VANCOUVER — Barrick Gold (TSX: ABX; NYSE: ABX) has uncovered a hidden gold deposit known as Alturas, in Chile’s gold-rich El Indio district, 30 km south of the former El Indio mine.
Barrick announced the discovery as part of its first-quarter results, and described Alturas as being geologically similar to the company’s giant Veladero gold mine across the border in Argentina, with the added potential of being significantly higher grade.
Veladero is a high sulphidation, epithermal gold deposit with proven and probable reserves of 4.7 million oz. gold within 172 million tonnes of 0.86 gram gold per tonne. The Veladero mine produced 722,000 oz. gold in 2014 at all-in sustaining costs of US$815 per oz.
“I’m absolutely thrilled at our team’s latest achievement at Alturas, and I’m especially proud at how we actually made the discovery,” Rob Krcmarov, Barrick’s senior vice-president of global exploration, tells The Northern Miner during a phone interview.
Barrick has identified oxidized gold mineralization averaging 1-2 grams gold per tonne over 50- to 150-metre drill intervals. Results have included higher grade hits such as 97 metres of 4.4 grams gold and 170 metres of 2.76 grams gold.
The deposit has been traced over 1 sq. km, and although it daylights towards the west, Krcmarov says it’s still open in other directions at depths of 100 to 200 metres.
Haywood Securities analyst Kerry Smith estimates the deposit could have 3 to 7 million oz. gold with grades averaging 1 to 1.5 grams gold. Krcmarov says more work is needed before Barrick can release a maiden resource for Alturas, a goal the company is working towards along with a scoping study.
According to Krcmarov, the company first drilled Alturas back in 2012 — a couple years after the company had initiated a large-scale re-evaluation of its tenements across the highly prospective, 140 km long El Indio Belt.
The reevaluation was primarily due to the increasing complexity of discovering economic deposits concealed beneath the barren Andean landscape.
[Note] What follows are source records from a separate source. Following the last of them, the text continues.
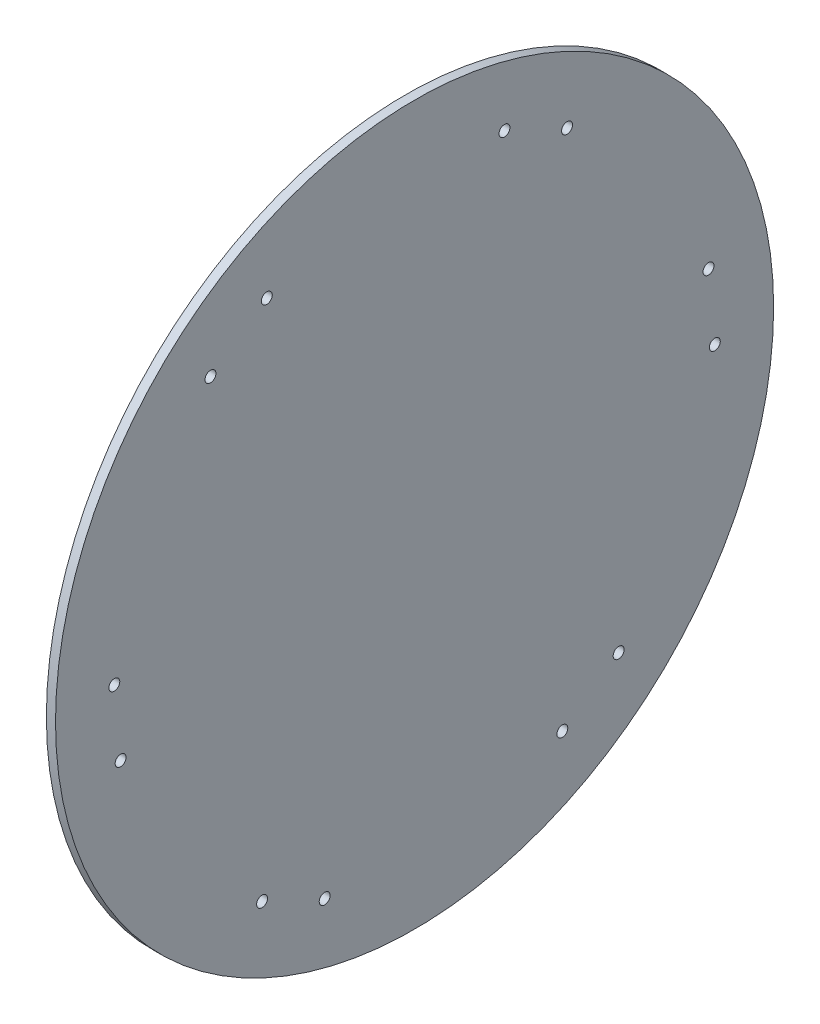
SolidWorks part; units mm, degrees
material "Oak"
ref_plane "Front Plane" through (0, 0, 0) normal (0, 0, 1) x (1, 0, 0)
ref_plane "Top Plane" through (0, 0, 0) normal (0, 1, 0) x (1, 0, 0)
ref_plane "Right Plane" through (0, 0, 0) normal (1, 0, 0) x (0, 0, -1)
sketch "Sketch2" plane through (0, 0, 0) normal (1, 0, 0) x (0, 0, -1)
  circle A0 centre (0, 0) radius 125
  dimension "D1" = 250
extrude "Boss-Extrude1" add sketch "Sketch2" along normal blind 3.18
sketch "Sketch3" plane through (0, 0, 0) normal (-1, 0, 0) x (0, 0, 1)
  circle A5 centre (104.5235, 0.9499) radius 1.9
  circle A12 centre (102.3318, -22.9498) radius 1.9
  circle A13 centre (31.2908, -100.0969) radius 1.9
  circle A14 centre (53.0844, -90.045) radius 1.9
  circle A15 centre (-51.4391, -90.9949) radius 1.9
  circle A16 centre (-71.041, -77.147) radius 1.9
  circle A17 centre (-102.3318, 22.9498) radius 1.9
  circle A18 centre (-104.5235, -0.9499) radius 1.9
  circle A19 centre (-53.0844, 90.045) radius 1.9
  circle A20 centre (-31.2908, 100.0969) radius 1.9
  circle A21 centre (51.4391, 90.9949) radius 1.9
  circle A22 centre (71.041, 77.147) radius 1.9
  dimension "D1" = 3.8
extrude "Cut-Extrude1" cut sketch "Sketch3" against normal through all
sketch "Sketch4" plane through (3.18, 0, 0) normal (1, 0, 0) x (0, 0, -1)
  line L0 (72.2937, 101.9736) -> (-72.2937, -101.9736) construction
  circle A0 centre (0, 0) radius 125 construction

“Traditional prospecting techniques such as sediment geochemistry can barely detect the mineralization associated with epithermal systems,” he explains. “We have a big advantage at Barrick because not only are we incredibly familiar with these systems, but we have access to targeting criteria that’s not in any published literature.”
Krcmarov adds that the company performed sampling and mapping across the belt, and followed up on high priority targets with remote sensing techniques which later led them to Alturas. But he comments that the biggest pay-off came from patience.
“We told ourselves to be patient, and rather than drilling targets in chronological order after identifying them, we waited until we evaluated the whole belt and chose the best targets to shoot for,” he says. “It worked spectacularly well. Alturas came out as our top target and it turned out to be highly successful.”
The deposit had been hidden beneath a large blanket of barren alteration called a “lithocap”, but geologists found sniffs of mineralization where the deposit “daylights” or outcrops along some ridges towards the west.
He says the first hole into the deposit took a small “bite” of the deposit, returning 11 metres of 1 gram gold. But follow-up drilling proved “remarkably efficient” at outlining the deposit, with 77% of holes hitting ore grades. And as infill drilling continues, he says, the team’s excitement and confidence continues to build.
“Everyone has been integral at enabling our success and moving this project forward,” he says. “It’s not only our highly skilled technical specialists, but also our community relations, drilling services and environment groups as well. It has really been a team effort.”